Intraoperative identification of metastatic lesions is challenging due to unpredictable locations and coverage
by normal tissue. Intraoperative molecular imaging (IMI) uses targeted radioisotopes and/or fluorophores to
guide surgeons to cancer tissue and distinguish tumor margins from normal surrounding tissue. Radioactive
isotopes and near-infrared (NIR) fluorophores complement each other in dual-labeled probes by providing both
depth of detection (radioisotope) and visual delineation of tumor borders (fluorophore) with common clinically
used handheld detectors. Metastatic osteosarcoma is one type of cancer that could benefit from IMI for improved
resection given the difficulty of identifying lesions and tumor margins.

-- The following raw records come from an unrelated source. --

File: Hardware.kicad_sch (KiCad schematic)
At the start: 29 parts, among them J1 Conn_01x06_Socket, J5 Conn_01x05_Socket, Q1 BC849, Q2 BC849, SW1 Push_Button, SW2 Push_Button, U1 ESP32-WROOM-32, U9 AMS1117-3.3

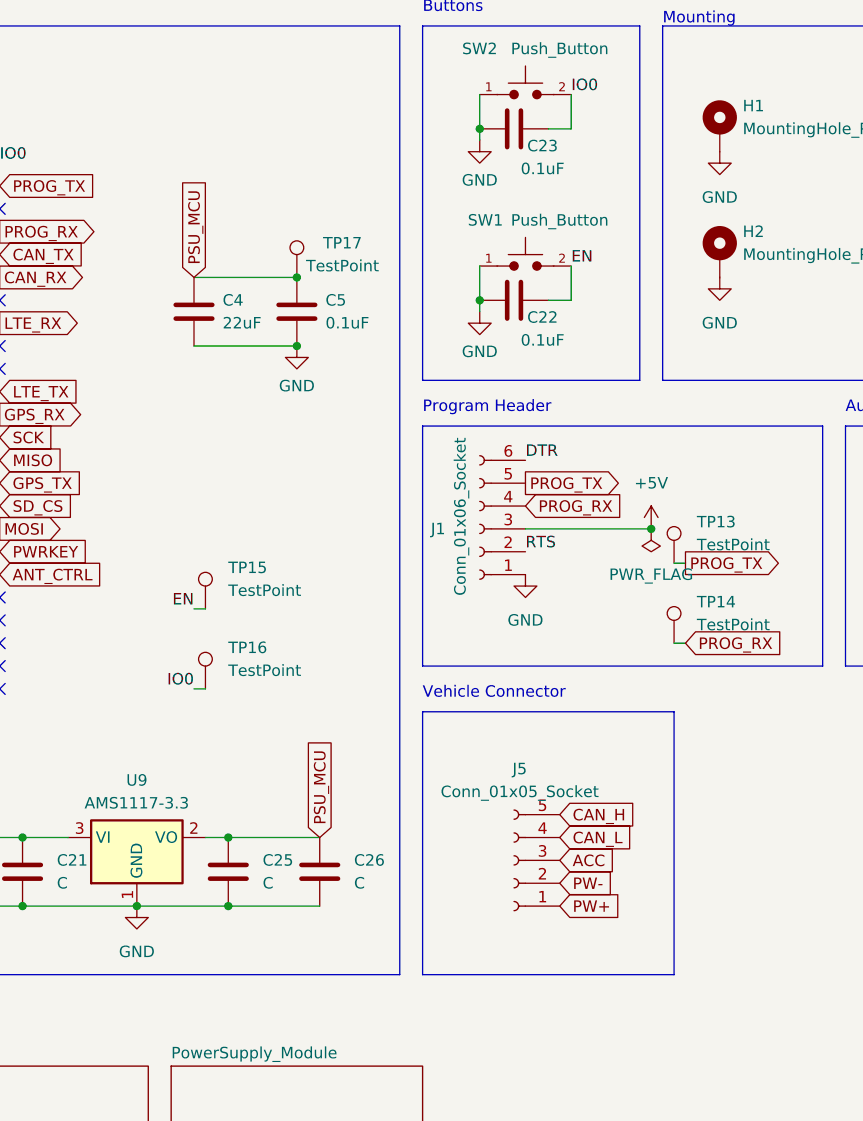
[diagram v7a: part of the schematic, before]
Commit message: added footprint for a7670e
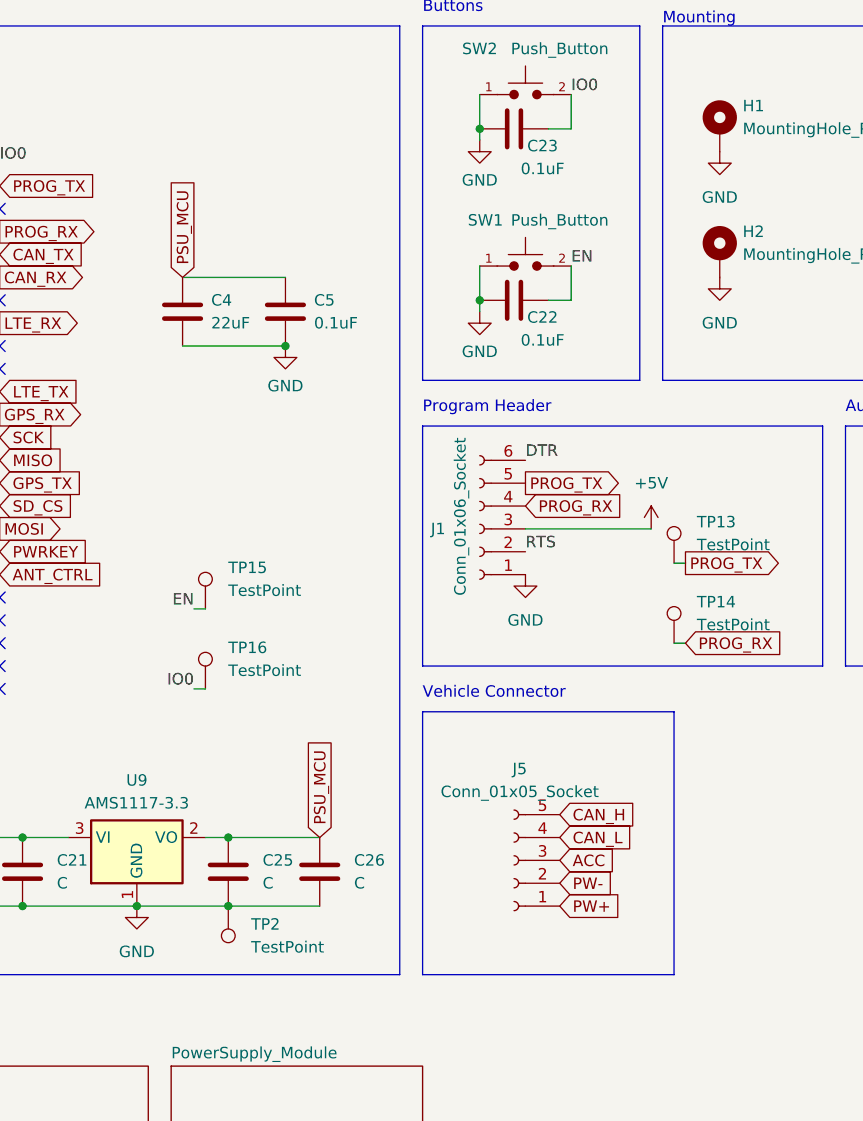
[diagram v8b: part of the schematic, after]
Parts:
- removed TP17: TestPoint, symbol Connector:TestPoint
- added TP2: TestPoint, symbol Connector:TestPoint
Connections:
- net GND: now also TP2.1
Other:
- moved on the sheet: C4, C5
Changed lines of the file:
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@@
 	)
 	(junction
-		(at 132.08 73.66)
-		(diameter 0)
-		(color 0 0 0 0)
-	)
-	(junction
-		(at 92.71 45.72)
-		(diameter 0)
-		(color 0 0 0 0)
-	)
-	(junction
 		(at 162.56 82.55)
 		(diameter 0)
@@
 	)
 	(junction
-		(at 92.71 53.34)
+		(at 91.44 53.34)
 		(diameter 0)
 		(color 0 0 0 0)
@@
 	(wire
 		(pts
-			(xy 81.28 53.34) (xy 92.71 53.34)
+			(xy 80.01 53.34) (xy 91.44 53.34)
 		)
 		(stroke
@@
 	(wire
 		(pts
-			(xy 81.28 45.72) (xy 92.71 45.72)
+			(xy 80.01 45.72) (xy 91.44 45.72)
 		)
 		(stroke
@@
 	(global_label "PSU_MCU"
 		(shape input)
-		(at 81.28 45.72 90)
+		(at 80.01 45.72 90)
 		(fields_autoplaced yes)
 		(effects
@@
 		)
 		(property "Intersheetrefs" "${INTERSHEET_REFS}"
-			(at 81.28 33.9053 90)
+			(at 80.01 33.9053 90)
 			(effects
 				(font
@@
 	(symbol
 		(lib_id "power:GND")
-		(at 92.71 53.34 0)
+		(at 91.44 53.34 0)
 		(unit 1)
 		(exclude_from_sim no)
@@
 		(fields_autoplaced yes)
 		(property "Reference" "#PWR08"
-			(at 92.71 59.69 0)
+			(at 91.44 59.69 0)
 			(effects
 				(font
@@
 		)
 		(property "Value" "GND"
-			(at 92.71 57.785 0)
+			(at 91.44 57.785 0)
 			(effects
 				(font
@@
 		)
 		(property "Footprint" ""
-			(at 92.71 53.34 0)
+			(at 91.44 53.34 0)
 			(effects
 				(font
@@
 		)
 		(property "Datasheet" ""
-			(at 92.71 53.34 0)
+			(at 91.44 53.34 0)
 			(effects
 				(font
@@
 		)
 		(property "Description" ""
-			(at 92.71 53.34 0)
+			(at 91.44 53.34 0)
 			(effects
 				(font
@@
 	)
 	(symbol
-		(lib_id "Connector:TestPoint")
-		(at 92.71 45.72 0)
+		(lib_id "Device:C")
+		(at 95.25 111.76 0)
 		(unit 1)
 		(exclude_from_sim no)
@@
 		(on_board yes)
 		(dnp no)
-		(property "Reference" "TP17"
-			(at 97.79 41.91 0)
+		(fields_autoplaced yes)
+		(property "Reference" "C26"
+			(at 99.06 110.4899 0)
 			(effects
 				(font
 					(size 1.27 1.27)
 				)
+				(justify left)
 			)
 		)
-		(property "Value" "TestPoint"
-			(at 97.79 44.45 0)
+		(property "Value" "C"
+			(at 99.06 113.0299 0)
 			(effects
 				(font
 					(size 1.27 1.27)
 				)
+				(justify left)
 			)
 		)
 		(property "Footprint" ""
-			(at 97.79 45.72 0)
+			(at 96.2152 115.57 0)
 			(effects
 				(font
@@
 		)
 		(property "Datasheet" "~"
-			(at 97.79 45.72 0)
+			(at 95.25 111.76 0)
 			(effects
 				(font
@@
 			)
 		)
-		(property "Description" "test point"
-			(at 92.71 45.72 0)
+		(property "Description" "Unpolarized capacitor"
+			(at 95.25 111.76 0)
 			(effects
 				(font
@@
 			)
 		)
+		(pin "2"
+		)
 		(pin "1"
 		)
@@
 			(project "Hardware"
 				(path "/f04ee758-a926-48b7-b458-286a696c3ef4"
-					(reference "TP17")
+					(reference "C26")
 					(unit 1)
 				)
@@
 	)
 	(symbol
-		(lib_id "Device:C")
-		(at 95.25 111.76 0)
+		(lib_id "Connector:TestPoint")
+		(at 85.09 115.57 180)
 		(unit 1)
 		(exclude_from_sim no)
@@
 		(dnp no)
 		(fields_autoplaced yes)
-		(property "Reference" "C26"
-			(at 99.06 110.4899 0)
+		(property "Reference" "TP2"
+			(at 87.63 117.6019 0)
 			(effects
 				(font
 					(size 1.27 1.27)
 				)
-				(justify left)
+				(justify right)
 			)
 		)
-		(property "Value" "C"
-			(at 99.06 113.0299 0)
+		(property "Value" "TestPoint"
+			(at 87.63 120.1419 0)
 			(effects
 				(font
 					(size 1.27 1.27)
 				)
-				(justify left)
+				(justify right)
 			)
 		)
 		(property "Footprint" ""
-			(at 96.2152 115.57 0)
+			(at 80.01 115.57 0)
 			(effects
 				(font
@@
 		)
 		(property "Datasheet" "~"
-			(at 95.25 111.76 0)
+			(at 80.01 115.57 0)
 			(effects
 				(font
@@
 			)
 		)
-		(property "Description" "Unpolarized capacitor"
-			(at 95.25 111.76 0)
+		(property "Description" "test point"
+			(at 85.09 115.57 0)
 			(effects
 				(font
@@
 			)
 		)
-		(pin "2"
-		)
 		(pin "1"
 		)
@@
 			(project "Hardware"
 				(path "/f04ee758-a926-48b7-b458-286a696c3ef4"
-					(reference "C26")
+					(reference "TP2")
 					(unit 1)
 				)
@@
 	)
 	(symbol
-		(lib_id "power:PWR_FLAG")
-		(at 132.08 73.66 180)
-		(unit 1)
-		(exclude_from_sim no)
-		(in_bom yes)
-		(on_board yes)
-		(dnp no)
-		(fields_autoplaced yes)
-		(property "Reference" "#FLG01"
-			(at 132.08 75.565 0)
-			(effects
-				(font
-					(size 1.27 1.27)
-				)
-				(hide yes)
-			)
-		)
-		(property "Value" "PWR_FLAG"
-			(at 132.08 78.74 0)
-			(effects
-				(font
-					(size 1.27 1.27)
-				)
-			)
-		)
-		(property "Footprint" ""
-			(at 132.08 73.66 0)
-			(effects
-				(font
-					(size 1.27 1.27)
-				)
-				(hide yes)
-			)
-		)
-		(property "Datasheet" "~"
-			(at 132.08 73.66 0)
-			(effects
-				(font
-					(size 1.27 1.27)
-				)
-				(hide yes)
-			)
-		)
-		(property "Description" "Special symbol for telling ERC where power comes from"
-			(at 132.08 73.66 0)
-			(effects
-				(font
-					(size 1.27 1.27)
-				)
-				(hide yes)
-			)
-		)
-		(pin "1"
-		)
-		(instances
-			(project "Hardware"
-				(path "/f04ee758-a926-48b7-b458-286a696c3ef4"
-					(reference "#FLG01")
-					(unit 1)
-				)
-			)
-		)
-	)
-	(symbol
 		(lib_id "Device:C")
 		(at 116.84 48.26 90)
@@
 	(symbol
 		(lib_id "Device:C")
-		(at 92.71 49.53 0)
+		(at 91.44 49.53 0)
 		(unit 1)
 		(exclude_from_sim no)
@@
 		(fields_autoplaced yes)
 		(property "Reference" "C5"
-			(at 95.885 48.26 0)
+			(at 94.615 48.26 0)
 			(effects
 				(font
@@
 		)
 		(property "Value" "0.1uF"
-			(at 95.885 50.8 0)
+			(at 94.615 50.8 0)
 			(effects
 				(font
@@
 		)
 		(property "Footprint" "Capacitor_SMD:C_0805_2012Metric_Pad1.18x1.45mm_HandSolder"
-			(at 93.6752 53.34 0)
+			(at 92.4052 53.34 0)
 			(effects
 				(font
@@
 		)
 		(property "Datasheet" "~"
-			(at 92.71 49.53 0)
+			(at 91.44 49.53 0)
 			(effects
 				(font
@@
 		)
 		(property "Description" ""
-			(at 92.71 49.53 0)
+			(at 91.44 49.53 0)
 			(effects
 				(font
@@
 	(symbol
 		(lib_id "Device:C")
-		(at 81.28 49.53 0)
+		(at 80.01 49.53 0)
 		(unit 1)
 		(exclude_from_sim no)
@@
 		(fields_autoplaced yes)
 		(property "Reference" "C4"
-			(at 84.455 48.26 0)
+			(at 83.185 48.26 0)
 			(effects
 				(font
@@
 		)
 		(property "Value" "22uF"
-			(at 84.455 50.8 0)
+			(at 83.185 50.8 0)
 			(effects
 				(font
@@
 		)
 		(property "Footprint" "Capacitor_SMD:C_1206_3216Metric_Pad1.33x1.80mm_HandSolder"
-			(at 82.2452 53.34 0)
+			(at 80.9752 53.34 0)
 			(effects
 				(font
@@
 		)
 		(property "Datasheet" "~"
-			(at 81.28 49.53 0)
+			(at 80.01 49.53 0)
 			(effects
 				(font
@@
 		)
 		(property "Description" ""
-			(at 81.28 49.53 0)
+			(at 80.01 49.53 0)
 			(effects
 				(font

Osteosarcoma (OS) is the most common primary bone cancer in children and adolescents with an overall 5-
year-survival rate of 60-70% for localized disease and only 20% for metastatic disease. Macroscopically
complete resection of primary and metastatic lesions is associated with longer survival, making intraoperative
detection critical. Ninety percent of OS metastases occur in the lungs, though preoperative CT misses small
pulmonary metastases. Further, lesions are difficult to detect below the lung surface, necessitating an invasive
thoracotomy to palpate the lesions, which unfortunately can still be missed. Fluorescent agents have shown
promise in aiding OS metastasis resection but have limited depth of detection. There is a critical need for
methods to improve the completeness of metastatic tumor resection and decrease the invasiveness of surgery.
GD2 is a tumor antigen that is weakly expressed in normal CNS tissue and melanocytes but highly
overexpressed in multiple cancers, including neuroblastoma and primary, recurrent, and metastatic OS. The
FDA-approved chimeric antibody, dinutuximab, targets GD2 for maintenance therapy in neuroblastoma. Our
group recently constructed DTPA[111In]-dinutuximab-IRDye800CW (111In-dinutuximab-IR800), composed of
dinutuximab to target GD2, DTPA[111In] to detect primary neuroblastoma at up to 5 cm depth with a handheld
gamma probe, and IRDye800CW to visualize the cancer with a handheld NIR camera. After promising
neuroblastoma xenograft studies in mice, 111In-dinutuximab-IR800 is poised for clinical translation for a primary
GD2-expressing cancer but has not yet been evaluated for metastatic disease.
We hypothesize that 111In-dinutuximab-IR800 can be developed for clinical use in primary and
metastatic pediatric tumor resection. In Aim 1, we will optimize consistency of manufacturing, and study its
pharmacology, toxicology, and stability profile to enable clinical use. In Aim 2, we will test its ability to detect OS
metastases in vivo. The long-term goal of this project is to translate this IMI agent into clinical trials for use in
resection of neuroblastoma, metastatic OS, and other GD2-expressing tumors. We will use results from these
aims to prepare an IND and design an early phase clinical trial for intraoperative use of 111In-dinutuximab-IR800
in the surgical resection of primary neuroblastoma and osteosarcoma metastases.